For me, this is what is lost with social media. I see a sunset, my main course comes out excellently presented, a duck farts as it waddles across my path. The very first thought, before experiencing any joy for myself is, “I need to capture this and share with my “Friends”. I know I’m not the only one living like this because every day you see people whipping their phones out to capture a moment. You see it on your own “timeline”, videos of special moments in everyday life.
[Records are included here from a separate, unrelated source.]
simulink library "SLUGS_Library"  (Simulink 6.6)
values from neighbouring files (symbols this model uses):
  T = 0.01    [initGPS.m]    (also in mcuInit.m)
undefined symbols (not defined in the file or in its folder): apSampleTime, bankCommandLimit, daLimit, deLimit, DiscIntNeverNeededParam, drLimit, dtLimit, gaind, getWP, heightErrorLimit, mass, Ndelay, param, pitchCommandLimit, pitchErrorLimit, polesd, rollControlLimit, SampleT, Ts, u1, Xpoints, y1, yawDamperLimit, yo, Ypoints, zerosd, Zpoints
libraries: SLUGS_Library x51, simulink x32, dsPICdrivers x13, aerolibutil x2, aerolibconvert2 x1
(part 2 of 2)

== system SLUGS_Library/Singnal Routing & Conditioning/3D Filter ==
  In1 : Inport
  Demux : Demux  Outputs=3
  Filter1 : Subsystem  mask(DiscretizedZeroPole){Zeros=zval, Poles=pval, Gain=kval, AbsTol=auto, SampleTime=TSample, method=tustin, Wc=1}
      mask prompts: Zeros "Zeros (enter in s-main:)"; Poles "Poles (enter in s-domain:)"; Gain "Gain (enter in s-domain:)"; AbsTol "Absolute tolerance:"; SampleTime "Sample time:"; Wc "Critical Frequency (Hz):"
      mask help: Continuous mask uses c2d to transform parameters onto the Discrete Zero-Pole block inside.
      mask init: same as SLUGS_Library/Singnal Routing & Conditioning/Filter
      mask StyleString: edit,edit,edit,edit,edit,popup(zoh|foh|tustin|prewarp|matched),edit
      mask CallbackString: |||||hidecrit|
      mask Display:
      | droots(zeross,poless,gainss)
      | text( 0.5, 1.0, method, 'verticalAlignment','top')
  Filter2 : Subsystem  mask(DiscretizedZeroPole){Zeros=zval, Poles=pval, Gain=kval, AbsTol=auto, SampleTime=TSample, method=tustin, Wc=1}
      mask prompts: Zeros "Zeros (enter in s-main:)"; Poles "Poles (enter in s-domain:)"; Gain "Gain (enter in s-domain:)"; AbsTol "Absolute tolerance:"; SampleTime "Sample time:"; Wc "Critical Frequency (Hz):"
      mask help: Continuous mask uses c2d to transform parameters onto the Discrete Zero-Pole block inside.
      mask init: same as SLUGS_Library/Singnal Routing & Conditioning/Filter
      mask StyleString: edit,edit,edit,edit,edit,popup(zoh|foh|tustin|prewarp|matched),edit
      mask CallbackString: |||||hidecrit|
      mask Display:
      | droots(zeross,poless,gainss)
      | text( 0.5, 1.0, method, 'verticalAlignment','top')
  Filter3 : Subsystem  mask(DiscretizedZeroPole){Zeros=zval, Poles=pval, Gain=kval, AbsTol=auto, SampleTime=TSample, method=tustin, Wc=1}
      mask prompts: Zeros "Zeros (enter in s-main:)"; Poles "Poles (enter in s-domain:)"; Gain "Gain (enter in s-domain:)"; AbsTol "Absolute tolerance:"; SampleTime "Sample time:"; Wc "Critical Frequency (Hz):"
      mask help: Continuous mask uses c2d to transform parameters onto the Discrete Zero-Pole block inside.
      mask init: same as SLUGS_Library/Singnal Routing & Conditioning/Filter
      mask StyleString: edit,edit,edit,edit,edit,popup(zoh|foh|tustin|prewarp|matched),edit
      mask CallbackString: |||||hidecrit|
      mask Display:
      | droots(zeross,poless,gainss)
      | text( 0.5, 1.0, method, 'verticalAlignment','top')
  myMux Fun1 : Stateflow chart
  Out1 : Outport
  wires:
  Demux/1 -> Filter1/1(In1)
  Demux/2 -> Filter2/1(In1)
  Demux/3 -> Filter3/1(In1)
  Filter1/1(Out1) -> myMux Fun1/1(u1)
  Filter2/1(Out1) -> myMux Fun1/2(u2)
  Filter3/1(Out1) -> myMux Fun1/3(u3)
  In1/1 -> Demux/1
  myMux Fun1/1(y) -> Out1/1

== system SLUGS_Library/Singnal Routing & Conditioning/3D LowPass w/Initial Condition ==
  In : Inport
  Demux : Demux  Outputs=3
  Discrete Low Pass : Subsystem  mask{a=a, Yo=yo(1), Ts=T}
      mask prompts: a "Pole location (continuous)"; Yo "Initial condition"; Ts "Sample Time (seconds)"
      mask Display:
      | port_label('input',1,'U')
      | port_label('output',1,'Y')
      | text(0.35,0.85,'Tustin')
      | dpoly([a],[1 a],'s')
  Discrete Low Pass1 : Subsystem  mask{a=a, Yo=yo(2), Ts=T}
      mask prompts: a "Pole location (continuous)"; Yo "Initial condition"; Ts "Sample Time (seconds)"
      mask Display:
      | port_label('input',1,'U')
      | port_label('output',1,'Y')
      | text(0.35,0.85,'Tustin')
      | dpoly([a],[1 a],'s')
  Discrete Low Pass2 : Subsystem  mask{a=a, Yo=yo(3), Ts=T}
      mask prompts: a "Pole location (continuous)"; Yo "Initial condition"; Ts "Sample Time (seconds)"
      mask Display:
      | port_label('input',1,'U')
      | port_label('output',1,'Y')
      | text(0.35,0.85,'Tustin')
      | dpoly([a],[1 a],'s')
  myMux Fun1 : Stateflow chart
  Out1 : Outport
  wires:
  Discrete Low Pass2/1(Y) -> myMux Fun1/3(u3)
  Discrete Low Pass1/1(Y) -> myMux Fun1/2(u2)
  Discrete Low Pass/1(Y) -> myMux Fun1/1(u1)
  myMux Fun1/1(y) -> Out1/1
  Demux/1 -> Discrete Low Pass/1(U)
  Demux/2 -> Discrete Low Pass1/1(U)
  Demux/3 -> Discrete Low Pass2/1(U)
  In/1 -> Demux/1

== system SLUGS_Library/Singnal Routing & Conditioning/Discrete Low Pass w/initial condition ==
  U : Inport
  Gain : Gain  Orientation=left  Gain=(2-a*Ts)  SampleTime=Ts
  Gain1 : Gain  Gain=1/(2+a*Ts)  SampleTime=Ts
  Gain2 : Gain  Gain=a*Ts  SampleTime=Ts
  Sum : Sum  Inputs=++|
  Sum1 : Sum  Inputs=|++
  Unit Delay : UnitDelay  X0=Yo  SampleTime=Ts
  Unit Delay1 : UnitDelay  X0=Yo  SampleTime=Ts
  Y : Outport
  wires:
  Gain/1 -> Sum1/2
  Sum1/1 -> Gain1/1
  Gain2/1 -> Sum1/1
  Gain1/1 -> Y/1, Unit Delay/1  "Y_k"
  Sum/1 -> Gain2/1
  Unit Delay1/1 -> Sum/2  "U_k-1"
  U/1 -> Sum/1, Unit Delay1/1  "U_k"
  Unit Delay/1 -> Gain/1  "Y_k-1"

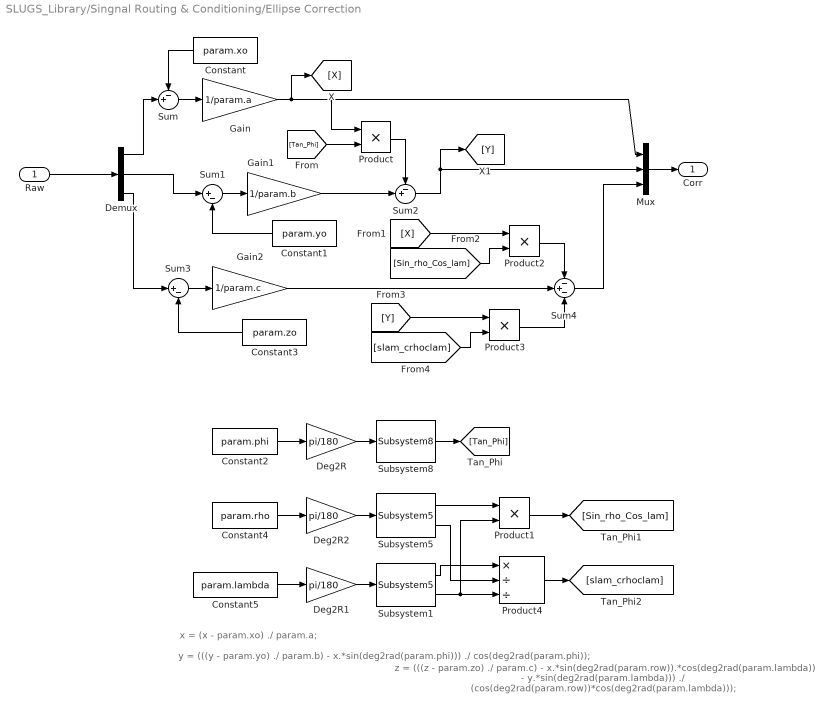
== system SLUGS_Library/Singnal Routing & Conditioning/Ellipse Correction ==
  note: z = (((z - param.zo) ./ param.c) - x.*sin(deg2rad(param.row)).*cos(deg2rad(param.lambda)) - y.*sin(deg2rad(param.lambda))) ./ (cos(deg2rad(param.row))*cos(deg2rad(param.lambda)));
  note: y = (((y - param.yo) ./ param.b) - x.*sin(deg2rad(param.phi))) ./ cos(deg2rad(param.phi));
  note: x = (x - param.xo) ./ param.a;
  Raw : Inport
  Constant : Constant  Orientation=left  Value=param.xo
  Constant1 : Constant  Orientation=left  Value=param.yo
  Constant2 : Constant  Value=param.phi  OutDataTypeMode=single
  Constant3 : Constant  Orientation=left  Value=param.zo
  Constant4 : Constant  Value=param.rho  OutDataTypeMode=single
  Constant5 : Constant  Value=param.lambda  OutDataTypeMode=single
  Deg2R : Gain  Gain=pi/180  SaturateOnIntegerOverflow=on
  Deg2R1 : Gain  Gain=pi/180  SaturateOnIntegerOverflow=on
  Deg2R2 : Gain  Gain=pi/180  SaturateOnIntegerOverflow=on
  Demux : Demux  Outputs=3
  Gain : Gain  Gain=1/param.a
  Gain1 : Gain  Gain=1/param.b
  Gain2 : Gain  Gain=1/param.c
  Mux : Mux  Inputs=3
  Product{,1..3} (4 alike) : Product  RndMeth=Zero
  Product4 : Product  Inputs=*//  RndMeth=Zero
  Subsystem1 : SLUGS_Library/Subsystem5  SystemSampleTime=-1
  Subsystem5 : SLUGS_Library/Subsystem5  SystemSampleTime=-1
  Subsystem8 : SLUGS_Library/Subsystem8  SystemSampleTime=-1
  Sum : Sum  Inputs=-+|
  Sum1 : Sum  Inputs=|+-
  Sum2 : Sum  Inputs=-+|
  Sum3 : Sum  Inputs=|+-
  Sum4 : Sum  Inputs=-+-
  Corr : Outport
  wires:
  Sum4/1 -> Mux/3
  Product4/1 -> [slam_crhoclam]
  Subsystem5/2 -> Product4/2
  Subsystem1/1 -> Product4/1
  Product3/1 -> Sum4/3
  [slam_crhoclam] -> Product3/2
  [Y] -> Product3/1
  Product2/1 -> Sum4/1
  [Sin_rho_Cos_lam] -> Product2/2
  [X] -> Product2/1
  Product1/1 -> [Sin_rho_Cos_lam]
  Subsystem1/2 -> Product4/3, Product1/2
  Subsystem5/1 -> Product1/1
  Deg2R1/1 -> Subsystem1/1
  Constant5/1 -> Deg2R1/1
  Deg2R2/1 -> Subsystem5/1
  Constant4/1 -> Deg2R2/1
  Demux/3 -> Sum3/1
  Gain2/1 -> Sum4/2
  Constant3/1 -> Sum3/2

An old lady falls in the street, the natural human reaction used to be “I’ll go help her up and check she’s ok”. Not any more. 9 out of 10 people are more likely to have their phone out taking pictures and within seconds, it’s up on Facebook, Twitter etc.

If I’m honest with myself, I’m one of those people. Or at least I was and I may be again but for the next 31 days, it’s Dry July and I’ll be embracing the life away from my iPhone. Outside of work, I’m going to read The Power Of Now by Eckhart Tolle instead of looking at my phone all night. I’m hoping that what it lacks in food pictures and funny videos, it makes up for in enlightenment.

“Realize deeply that the present moment is all you have. Make the NOW the primary focus of your life.” — Eckhart Tolle, The Power of Now

*Any words or phrases in itallics and/or in inverted commas, either came about or have evolved from the social revolution. Just a post script to highlight the effect social media has on even our general vocabulary. Ridiculous words like “Blog” and “Shazam” are uttered without a second thought these days. Some, like “blogging” and “google” have even made it into the dictionary as an adjective. The world’s gone mad!